PROBLEM: Go through the entries below and count the lines where "ConstR" occurs. Give nothing but that number.

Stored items
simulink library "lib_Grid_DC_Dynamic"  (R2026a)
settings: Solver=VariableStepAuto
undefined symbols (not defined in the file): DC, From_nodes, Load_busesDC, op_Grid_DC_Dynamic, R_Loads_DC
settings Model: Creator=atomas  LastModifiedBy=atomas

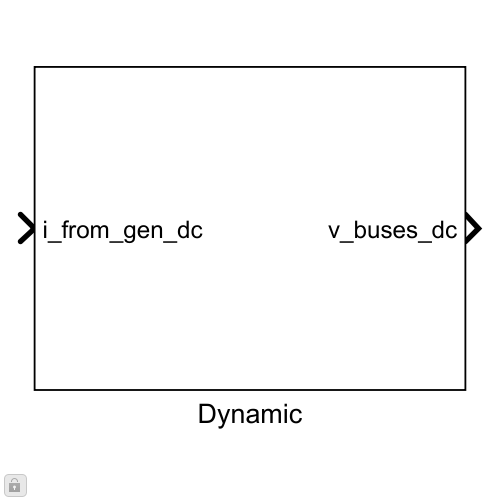
[thumbnail: Simulink's stored preview of the top-level diagram]
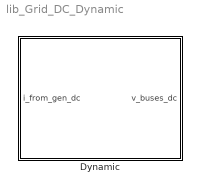
== system lib_Grid_DC_Dynamic ==
  Dynamic : Subsystem  VariantControl=Dynamic

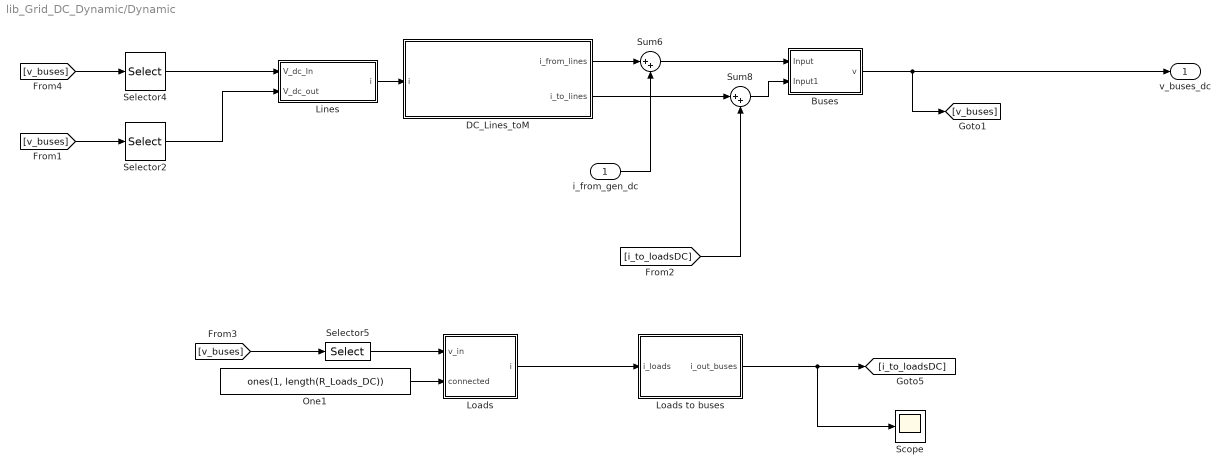
== system lib_Grid_DC_Dynamic/Dynamic ==
  i_from_gen_dc : Inport
  Buses : Subsystem
  DC_Lines_toM : Subsystem  TreatAsAtomicUnit=on
  Lines : Subsystem
  Loads : Subsystem
  Loads to buses : Subsystem
  One1 : Constant  Value=ones(1, length(R_Loads_DC))  VectorParams1D=off  OutDataTypeStr=Inherit: Inherit via back propagation
  Scope : Scope
      settings: ActiveDisplayYMinimum=-0.01246  ActiveDisplayYMaximum=0.11218
  Selector2 : Selector  NumberOfDimensions=2  InputPortWidth=Nnodes  IndexOptions=Select all,Index vector (dialog)  Indices=From_nodes,DC.to  OutputSizes=1,1
  Selector4 : Selector  NumberOfDimensions=2  InputPortWidth=Nnodes  IndexOptions=Select all,Index vector (dialog)  Indices=From_nodes,DC.from  OutputSizes=1,1
  Selector5 : Selector  NumberOfDimensions=2  InputPortWidth=Nnodes  IndexOptions=Select all,Index vector (dialog)  Indices=1,Load_busesDC  OutputSizes=1,1
  Sum6 : Sum  Inputs=|++
  Sum8 : Sum  Inputs=|++
  v_buses_dc : Outport
  wires:
  Buses/1(v) -> v_buses_dc/1, [v_buses]
  [v_buses] -> Selector2/1
  Selector2/1 -> Lines/2(V_dc_out)
  Sum6/1 -> Buses/1(Input)
  Selector4/1 -> Lines/1(V_dc_In)
  Loads/1(i) -> Loads to buses/1(i_loads)
  Selector5/1 -> Loads/1(v_in)
  i_from_gen_dc/1 -> Sum6/2
  Sum8/1 -> Buses/2(Input1)
  DC_Lines_toM/2(i_to_lines) -> Sum8/1
  DC_Lines_toM/1(i_from_lines) -> Sum6/1
  [v_buses] -> Selector4/1
  [i_to_loadsDC] -> Sum8/2
  Lines/1(i) -> DC_Lines_toM/1(i)
  One1/1 -> Loads/2(connected)
  Loads to buses/1(i_out_buses) -> Scope/1, [i_to_loadsDC]
  [v_buses] -> Selector5/1

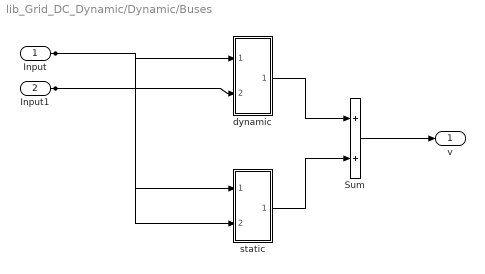
== system lib_Grid_DC_Dynamic/Dynamic/Buses ==
  Input : Inport
  Input1 : Inport  Port=2
  Sum : Sum
  dynamic : Subsystem  Variant=on
  static : Subsystem  Variant=on
  v : Outport
  wires:
  static/1(Out1) -> Sum/2
  Input1/1 -> static/2(In2), dynamic/2(In2)
  Input/1 -> static/1(In1), dynamic/1(In1)
  dynamic/1(Out1) -> Sum/1
  Sum/1 -> v/1

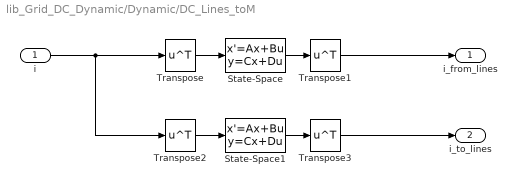
== system lib_Grid_DC_Dynamic/Dynamic/DC_Lines_toM ==
  i : Inport
  State-Space : StateSpace  A=[]  B=[]  C=[]  D=DC.Lines_toM  InitialCondition=0  ParameterTunability=Optimized
  State-Space1 : StateSpace  A=[]  B=[]  C=[]  D=DC.Lines_fromM  InitialCondition=0  ParameterTunability=Optimized
  Transpose{,1..3} (4 alike) : Math  Operator=transpose
  i_from_lines : Outport
  i_to_lines : Outport  Port=2
  wires:
  Transpose2/1 -> State-Space1/1
  i/1 -> Transpose2/1, Transpose/1
  Transpose3/1 -> i_to_lines/1
  Transpose/1 -> State-Space/1
  State-Space1/1 -> Transpose3/1
  State-Space/1 -> Transpose1/1
  Transpose1/1 -> i_from_lines/1

== system lib_Grid_DC_Dynamic/Dynamic/Lines ==
  V_dc_In : Inport
  V_dc_out : Inport  Port=2
  Dynamic : Subsystem  Variant=on
  Static : Subsystem  Variant=on
  Sum4 : Sum
  i : Outport
  wires:
  Static/1(Out1) -> Sum4/2
  V_dc_out/1 -> Static/2(In2), Dynamic/2(In2)
  V_dc_In/1 -> Static/1(In1), Dynamic/1(In1)
  Dynamic/1(Out1) -> Sum4/1
  Sum4/1 -> i/1

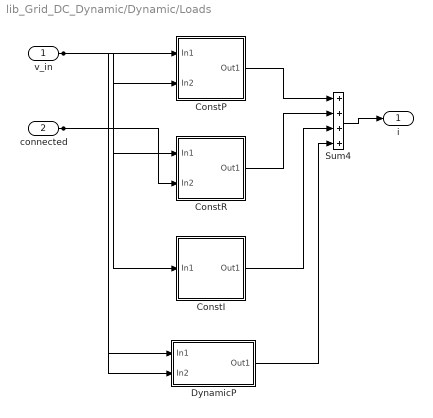
== system lib_Grid_DC_Dynamic/Dynamic/Loads ==
  v_in : Inport
  connected : Inport  Port=2
  ConstI : Subsystem  Variant=on
  ConstP : Subsystem  Variant=on
  ConstR : Subsystem  Variant=on
  DynamicP : Subsystem  Variant=on
  Sum4 : Sum  Inputs=++++
  i : Outport
  wires:
  DynamicP/1(Out1) -> Sum4/4
  connected/1 -> DynamicP/2(In2), ConstI/1(In1), ConstP/2(In2), ConstR/2(In2)
  v_in/1 -> DynamicP/1(In1), ConstP/1(In1), ConstR/1(In1)
  ConstI/1(Out1) -> Sum4/3
  ConstP/1(Out1) -> Sum4/1
  ConstR/1(Out1) -> Sum4/2
  Sum4/1 -> i/1

== system lib_Grid_DC_Dynamic/Dynamic/Loads to buses ==
  i_loads : Inport
  LoadsM : Subsystem  TreatAsAtomicUnit=on
  i_out_buses : Outport
  wires:
  i_loads/1 -> LoadsM/1(i)
  LoadsM/1(i_out_buses) -> i_out_buses/1

== system lib_Grid_DC_Dynamic/Dynamic/Buses/dynamic ==
  note: 1) Add Subsystem or Model blocks as valid variant choices.
      | 2) You cannot connect blocks at this level. At simulation, connectivity is automatically
      | determined, based on the active variant and port name matching.
  In1 : Inport
  In2 : Inport  Port=2
  Active : Subsystem  VariantControl=has_busDC_c1 == 1
  Bypass : Subsystem  VariantControl=(default)
  Out1 : Outport

== system lib_Grid_DC_Dynamic/Dynamic/Buses/static ==
  note: 1) Add Subsystem or Model blocks as valid variant choices.
      | 2) You cannot connect blocks at this level. At simulation, connectivity is automatically
      | determined, based on the active variant and port name matching.
  In1 : Inport
  In2 : Inport  Port=2
  Active : Subsystem  VariantControl=has_busDC_c2 == 1
  Bypass : Subsystem  VariantControl=(default)
  Out1 : Outport

== system lib_Grid_DC_Dynamic/Dynamic/Lines/Dynamic ==
  note: 1) Add Subsystem or Model blocks as valid variant choices.
      | 2) You cannot connect blocks at this level. At simulation, connectivity is automatically
      | determined, based on the active variant and port name matching.
  In1 : Inport
  In2 : Inport  Port=2
  Active : Subsystem  VariantControl=has_lineDC_c1 == 1
  Bypass : Subsystem  VariantControl=(default)
  Out1 : Outport

== system lib_Grid_DC_Dynamic/Dynamic/Lines/Static ==
  note: 1) Add Subsystem or Model blocks as valid variant choices.
      | 2) You cannot connect blocks at this level. At simulation, connectivity is automatically
      | determined, based on the active variant and port name matching.
  In1 : Inport
  In2 : Inport  Port=2
  Active : Subsystem  VariantControl=has_lineDC_c2 == 1
  Bypass : Subsystem  VariantControl=(default)
  Out1 : Outport

== system lib_Grid_DC_Dynamic/Dynamic/Loads/ConstI ==
  note: 1) Add Subsystem or Model blocks as valid variant choices.
      | 2) You cannot connect blocks at this level. At simulation, connectivity is automatically
      | determined, based on the active variant and port name matching.
  In1 : Inport
  Active : Subsystem  VariantControl=has_loadDC_c3 == 1
  Bypass : Subsystem  VariantControl=(default)
  Out1 : Outport

== system lib_Grid_DC_Dynamic/Dynamic/Loads/ConstP ==
  note: 1) Add Subsystem or Model blocks as valid variant choices.
      | 2) You cannot connect blocks at this level. At simulation, connectivity is automatically
      | determined, based on the active variant and port name matching.
  In1 : Inport
  In2 : Inport  Port=2
  Active : Subsystem  VariantControl=has_loadDC_c2 == 1
  Bypass : Subsystem  VariantControl=(default)
  Out1 : Outport

== system lib_Grid_DC_Dynamic/Dynamic/Loads/ConstR ==
  note: 1) Add Subsystem or Model blocks as valid variant choices.
      | 2) You cannot connect blocks at this level. At simulation, connectivity is automatically
      | determined, based on the active variant and port name matching.
  In1 : Inport
  In2 : Inport  Port=2
  Active : Subsystem  VariantControl=has_loadDC_c1 == 1
  Bypass : Subsystem  VariantControl=(default)
  Out1 : Outport

== system lib_Grid_DC_Dynamic/Dynamic/Loads/DynamicP ==
  note: 1) Add Subsystem or Model blocks as valid variant choices.
      | 2) You cannot connect blocks at this level. At simulation, connectivity is automatically
      | determined, based on the active variant and port name matching.
  In1 : Inport
  In2 : Inport  Port=2
  Active : Subsystem  VariantControl=has_loadDC_c4 == 1
  Bypass : Subsystem  VariantControl=(default)
  Out1 : Outport

== system lib_Grid_DC_Dynamic/Dynamic/Loads to buses/LoadsM ==
  i : Inport  Partition=on  PartitionDimension=1  PartitionWidth=1  PartitionOffset=0
  Assignment : Assignment  DiagnosticForDimensions=Warning  IndexOptions=Index vector (dialog)  Indices=Load_busesDC  OutputSizes=1
  For Each : ForEach  DisableCoverage=on
  Zero : Constant  Value=zeros(1,DC.Nbuses)  VectorParams1D=off  OutDataTypeStr=Inherit: Inherit via back propagation
  i_out_buses : Outport  ConcatenationDimension=1
  wires:
  Assignment/1 -> i_out_buses/1
  i/1 -> Assignment/2
  Zero/1 -> Assignment/1

== system lib_Grid_DC_Dynamic/Dynamic/Buses/dynamic/Active ==
  In1 : Inport
  In2 : Inport  Port=2
  Impl : Subsystem
  Out1 : Outport
  wires:
  Impl/1(v) -> Out1/1
  In2/1 -> Impl/2(i_out)
  In1/1 -> Impl/1(i_in)

== system lib_Grid_DC_Dynamic/Dynamic/Buses/dynamic/Bypass ==
  In1 : Inport
  In2 : Inport  Port=2
  Term1 : Terminator
  Term2 : Terminator
  Zero1 : Constant  Value=zeros(1, max(1, DC.Nbuses))  VectorParams1D=off
  Out1 : Outport
  wires:
  Zero1/1 -> Out1/1
  In2/1 -> Term2/1
  In1/1 -> Term1/1

== system lib_Grid_DC_Dynamic/Dynamic/Buses/static/Active ==
  In1 : Inport
  In2 : Inport  Port=2
  Impl : Subsystem
  Out1 : Outport
  wires:
  Impl/1(v) -> Out1/1
  In2/1 -> Impl/2(i_out)
  In1/1 -> Impl/1(i_in)

== system lib_Grid_DC_Dynamic/Dynamic/Buses/static/Bypass ==
  In1 : Inport
  In2 : Inport  Port=2
  Term1 : Terminator
  Term2 : Terminator
  Zero1 : Constant  Value=zeros(1, max(1, DC.Nbuses))  VectorParams1D=off
  Out1 : Outport
  wires:
  Zero1/1 -> Out1/1
  In2/1 -> Term2/1
  In1/1 -> Term1/1

== system lib_Grid_DC_Dynamic/Dynamic/Lines/Dynamic/Active ==
  In1 : Inport
  In2 : Inport  Port=2
  Impl : Subsystem
  Out1 : Outport
  wires:
  Impl/1(i) -> Out1/1
  In2/1 -> Impl/2(V_dc_Out)
  In1/1 -> Impl/1(V_dc_In)

== system lib_Grid_DC_Dynamic/Dynamic/Lines/Dynamic/Bypass ==
  In1 : Inport
  In2 : Inport  Port=2
  Term1 : Terminator
  Term2 : Terminator
  Zero1 : Constant  Value=zeros(1, max(1, length(DC.from)))  VectorParams1D=off
  Out1 : Outport
  wires:
  Zero1/1 -> Out1/1
  In2/1 -> Term2/1
  In1/1 -> Term1/1

== system lib_Grid_DC_Dynamic/Dynamic/Lines/Static/Active ==
  In1 : Inport
  In2 : Inport  Port=2
  Impl : Subsystem
  Out1 : Outport
  wires:
  Impl/1(i) -> Out1/1
  In2/1 -> Impl/2(V_dc_Out)
  In1/1 -> Impl/1(V_dc_In)

== system lib_Grid_DC_Dynamic/Dynamic/Lines/Static/Bypass ==
  In1 : Inport
  In2 : Inport  Port=2
  Term1 : Terminator
  Term2 : Terminator
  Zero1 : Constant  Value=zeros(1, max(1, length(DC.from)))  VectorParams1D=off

ANSWER TO THIS TASK: 5